Command & conquer is a very early realtime strategy game, and the controls are extremely simple. After a while I even put away the keyboard, realizing I only needed it when saving. Virtually everything is done by pointing and clicking with the left mouse button.

Virtually.

The one thing you do regularly with the right mouse button is deselect your currently selected units. Strictly speaking, this is not even a necessary action. You can always click to select something else, or hold down the left button briefly to get a drag-selection which covers no units.

Still, in the heat of battle, it is pretty darn convenient to be able to right-click anywhere and be sure you do not accidentally send all your tanks to the wrong side of the map with your next click.

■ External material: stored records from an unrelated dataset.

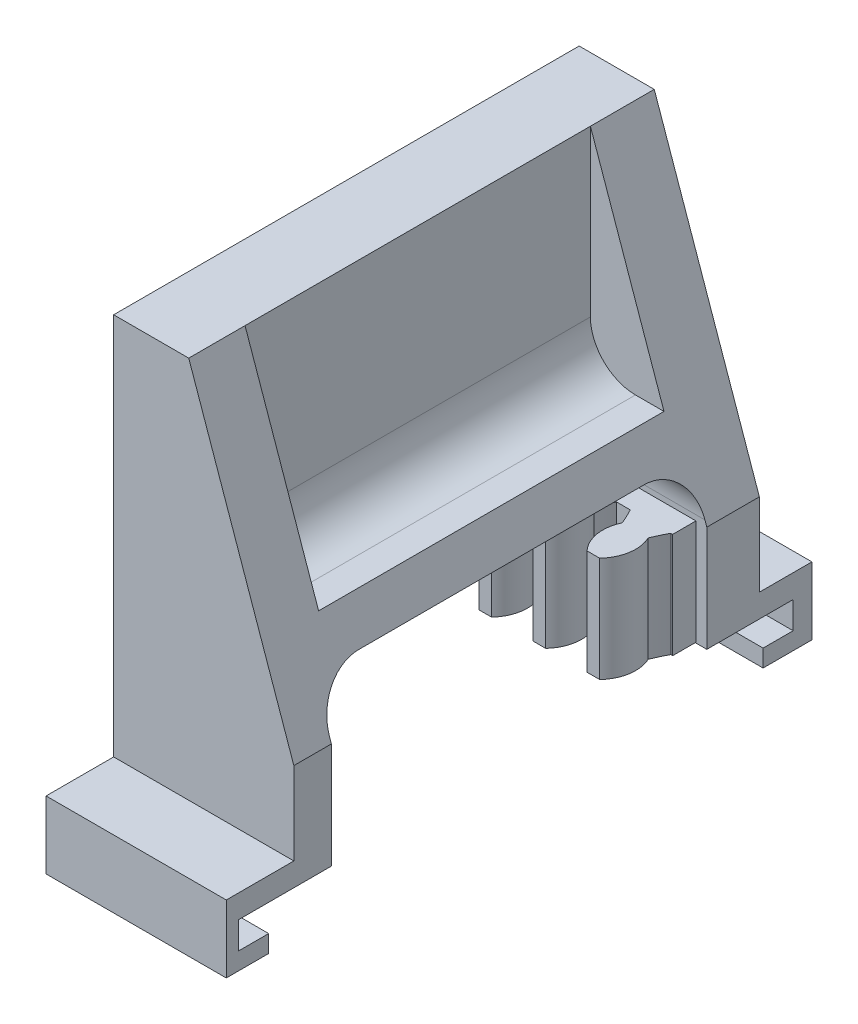
SolidWorks part; units mm, degrees
ref_plane "Front Plane" through (0, 0, 0) normal (0, 0, 1) x (1, 0, 0)
ref_plane "Top Plane" through (0, 0, 0) normal (0, 1, 0) x (1, 0, 0)
ref_plane "Right Plane" through (0, 0, 0) normal (1, 0, 0) x (0, 0, -1)
sketch "Sketch1" plane through (0, 0, 0) normal (0, 0, 1) x (1, 0, 0)
  line L0 (0, 0) -> (0, -30)
  line L1 (0, -30) -> (12, -30)
  line L2 (12, -30) -> (12, -20)
  line L3 (12, -20) -> (5, 0)
  line L4 (5, 0) -> (0, 0)
  dimension "D1" = 30
  dimension "D2" = 12
  dimension "D3" = 10
  dimension "D4" = 5
extrude "Boss-Extrude1" add sketch "Sketch1" against normal blind 31
sketch "Sketch4" plane through (0, 0, 0) normal (-1, 0, 0) x (0, 0, 1)
  line L0 (-31, 0) -> (-31, -30) construction
  line L1 (-27.5, -16.6434) -> (-2.5, -16.6434)
  line L2 (-27.5, -16.6434) -> (-27.5, -31.6434)
  line L3 (-27.5, -31.6434) -> (-2.5, -31.6434)
  line L4 (-2.5, -16.6434) -> (-2.5, -31.6434)
  point P4 (-27.5, -24.1434)
  dimension "D1" = 25
  dimension "D2" = 15
  dimension "D3" = 3.5
extrude "Cut-Extrude2" cut sketch "Sketch4" against normal blind 25 contours L2 L1 L4 L3
ref_plane "Plane1" through (0, 0, -15.25) normal (0, 0, 1) x (1, 0, 0)
sketch "Sketch6" plane through (0, 0, -15.25) normal (0, 0, 1) x (1, 0, 0)
  line L0 (5, 0) -> (5, -14)
  line L1 (5, -14) -> (9.9, -14)
  line L2 (12, -20) -> (5, 0) construction
  line L3 (9.9, -14) -> (5, 0)
  dimension "D1" = 14
extrude "Cut-Extrude4" cut sketch "Sketch6" against normal mid plane 23
ref_plane "Plane3" through (0, -27, 0) normal (0, 1, 0) x (1, 0, 0)
sketch "Sketch7" plane through (0, -27, 0) normal (0, 1, 0) x (1, 0, 0)
  line L0 (11.2768, 27.65) -> (-19.7232, 27.65)
  line L62 (-16.5, 15.25) -> (16.5, 15.25) construction
  line L162 (11.2768, 27.65) -> (11.2768, 25.95)
  line L172 (-19.7232, 25.95) -> (-19.7232, 27.65)
  line L243 (11.2768, 25.95) -> (-19.7232, 25.95)
  dimension "D2" = 31
  dimension "D3" = 1.7
  dimension "D7" = 12.4
extrude "Boss-Extrude3" add sketch "Sketch7" along normal blind 7
sketch "Sketch10" plane through (0, -27, 0) normal (0, 1, 0) x (1, 0, 0)
  line L1 (9.8022, 22.1441) -> (9.8022, 23.4692) construction
  line L2 (10.2262, 22.1441) -> (9.3781, 22.1441)
  line L4 (-19.7232, 25.95) -> (11.2768, 25.95) construction
  line L5 (8.4522, 25.95) -> (11.1522, 25.95)
  arc A0 (10.2262, 22.1441) -> (10.6705, 24.929) centre (8.3868, 23.8654) ccw
  arc A1 (10.6705, 24.929) -> (11.1522, 25.95) centre (19.5896, 21.3459) cw
  arc A2 (8.9338, 24.929) -> (8.4522, 25.95) centre (0.0147, 21.3459) ccw
  arc A3 (9.3781, 22.1441) -> (8.9338, 24.929) centre (11.2175, 23.8654) cw
  point P7 (8.4522, 25.25)
  point P15 (10.2262, 22.1441)
  dimension "D1" = 2.7
extrude "Boss-Extrude4" add sketch "Sketch10" along normal blind 7
pattern_linear "LPattern1" count 8 spacing 3.6 along (-1, 0, 0) of "Boss-Extrude4"
sketch "Sketch11" plane through (0, 0, -31) normal (0, 0, -1) x (-1, 0, 0)
  line L0 (-12, -30) -> (-12, -20) construction
  line L1 (-12, -25.5) -> (0, -25.5)
  line L2 (-12, -25.5) -> (-12, -30)
  line L3 (-12, -30) -> (0, -30)
  line L4 (0, -25.5) -> (0, -30)
  dimension "D1" = 4.5
extrude "Boss-Extrude5" add sketch "Sketch11" along normal blind 3.5
fillet "Fillet5" radius 3 3 edges at (5, -14, -15.25) (5.4126, -16.6434, -2.5) (5.4126, -16.6434, -27.5)
sketch "Sketch12" plane through (0, 0, 0) normal (0, 0, 1) x (1, 0, 0)
  line L0 (12, -30) -> (12, -20) construction
  line L1 (0, -30) -> (12, -30)
  line L2 (0, -30) -> (0, -25.5)
  line L3 (0, -25.5) -> (12, -25.5)
  line L4 (12, -30) -> (12, -25.5)
  dimension "D1" = 4.5
extrude "Boss-Extrude6" add sketch "Sketch12" along normal blind 4.5
sketch "Sketch13" plane through (0, 0, 0) normal (-1, 0, 0) x (0, 0, 1)
  line L0 (-33.25, -27.0479) -> (-26.75, -27.0479)
  line L1 (-26.75, -27.0479) -> (-26.75, -32.0479)
  line L2 (-26.75, -32.0479) -> (-31.25, -32.0479)
  line L3 (-31.25, -32.0479) -> (-31.25, -28.8479)
  line L4 (-31.25, -28.8479) -> (-33.25, -28.8479)
  line L5 (-33.25, -28.8479) -> (-33.25, -27.0479)
  line L6 (-14.7869, -22.9316) -> (-14.7869, -37.9805) construction
  line L9 (-27.5, -27) -> (-27.5, -30) construction
  line L12 (1.6762, -28.8479) -> (3.6762, -28.8479)
  line L13 (1.6762, -32.0479) -> (1.6762, -28.8479)
  line L14 (-2.8238, -32.0479) -> (1.6762, -32.0479)
  line L15 (-2.8238, -27.0479) -> (-2.8238, -32.0479)
  line L16 (3.6762, -27.0479) -> (-2.8238, -27.0479)
  line L17 (3.6762, -28.8479) -> (3.6762, -27.0479)
  point P20 (-15.5, -22.9316)
  point P21 (0, 0)
  dimension "D1" = 6.5
  dimension "D2" = 0.75
  dimension "D3" = 4.5
  dimension "D4" = 1.8
extrude "Cut-Extrude5" cut sketch "Sketch13" against normal up to surface (12 mm away) up to face at (12, -25.1667, -31)
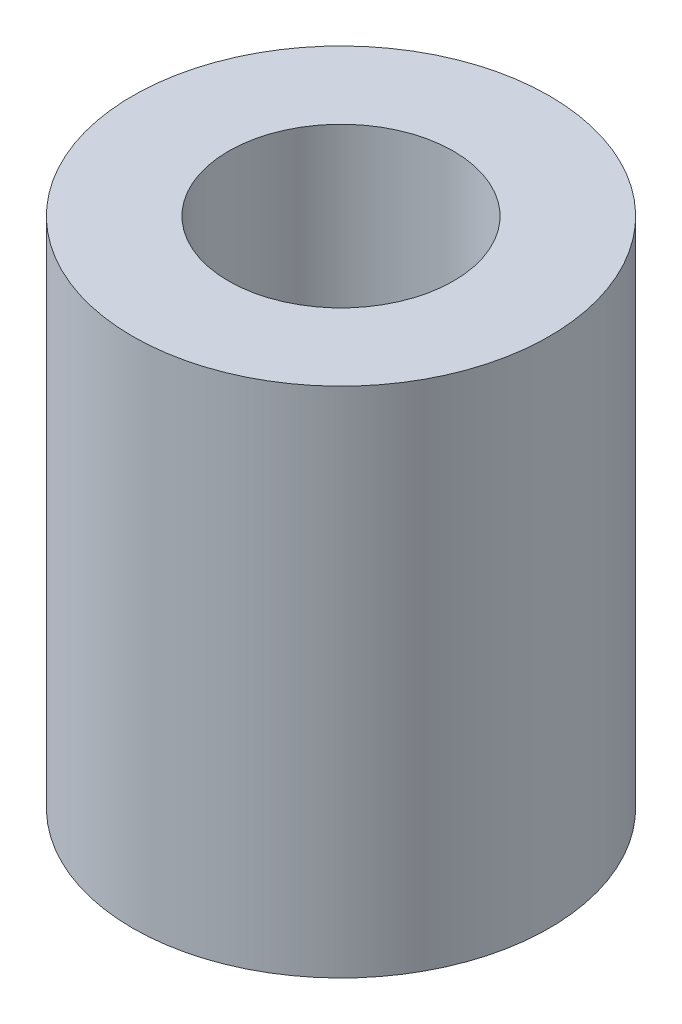
SolidWorks part; units mm, degrees
ref_plane "Front Plane" through (0, 0, 0) normal (0, 0, 1) x (1, 0, 0)
ref_plane "Top Plane" through (0, 0, 0) normal (0, 1, 0) x (1, 0, 0)
ref_plane "Right Plane" through (0, 0, 0) normal (1, 0, 0) x (0, 0, -1)
sketch "Sketch1" plane through (0, 0, 0) normal (0, 1, 0) x (1, 0, 0)
  circle A0 centre (0, 0) radius 3.429
  circle A1 centre (0, 0) radius 6.35
  dimension "D1" = 6.858
  dimension "D2" = 12.7
extrude "Boss-Extrude1" add sketch "Sketch1" along normal blind 15.621
equation "\"tightTol\" = 0.005in"
equation "\"normTol\"= 0.01in"
equation "\"looseTol\"= 0.02in"
equation "\"D1@Sketch1\"=\"looseTol\"+0.25"
equation "\"D1@Boss-Extrude1\"=0.625in-\"normTol\""

This one action becomes frustratingly unreliable with a touch-surface, one-button mouse. Not only do you need to make sure the left side of the mouse is clear for a right-click to register, if you get it wrong your mouse will helpfully left-click for you instead. So yes, now my tanks halted their attack and turned around.

I was still having fun and all, but it took such a small thing to realize just how much touch mice still put form over function.

Soon, I found myself digging out my Microsoft comfort 3000 something-or-other mouse along with a long USB extension cable. What a difference! Suddenly, the thing I want happens All the TimeTM!

So, when will we get either touch-mouse software which makes right-clicking reliable, or a touch-mouse with several truly physical and separate buttons?

Multiple buttons were not a broken thing so please, fix this.

(And to Apple in particular: please make a truly great mouse some day. Please?)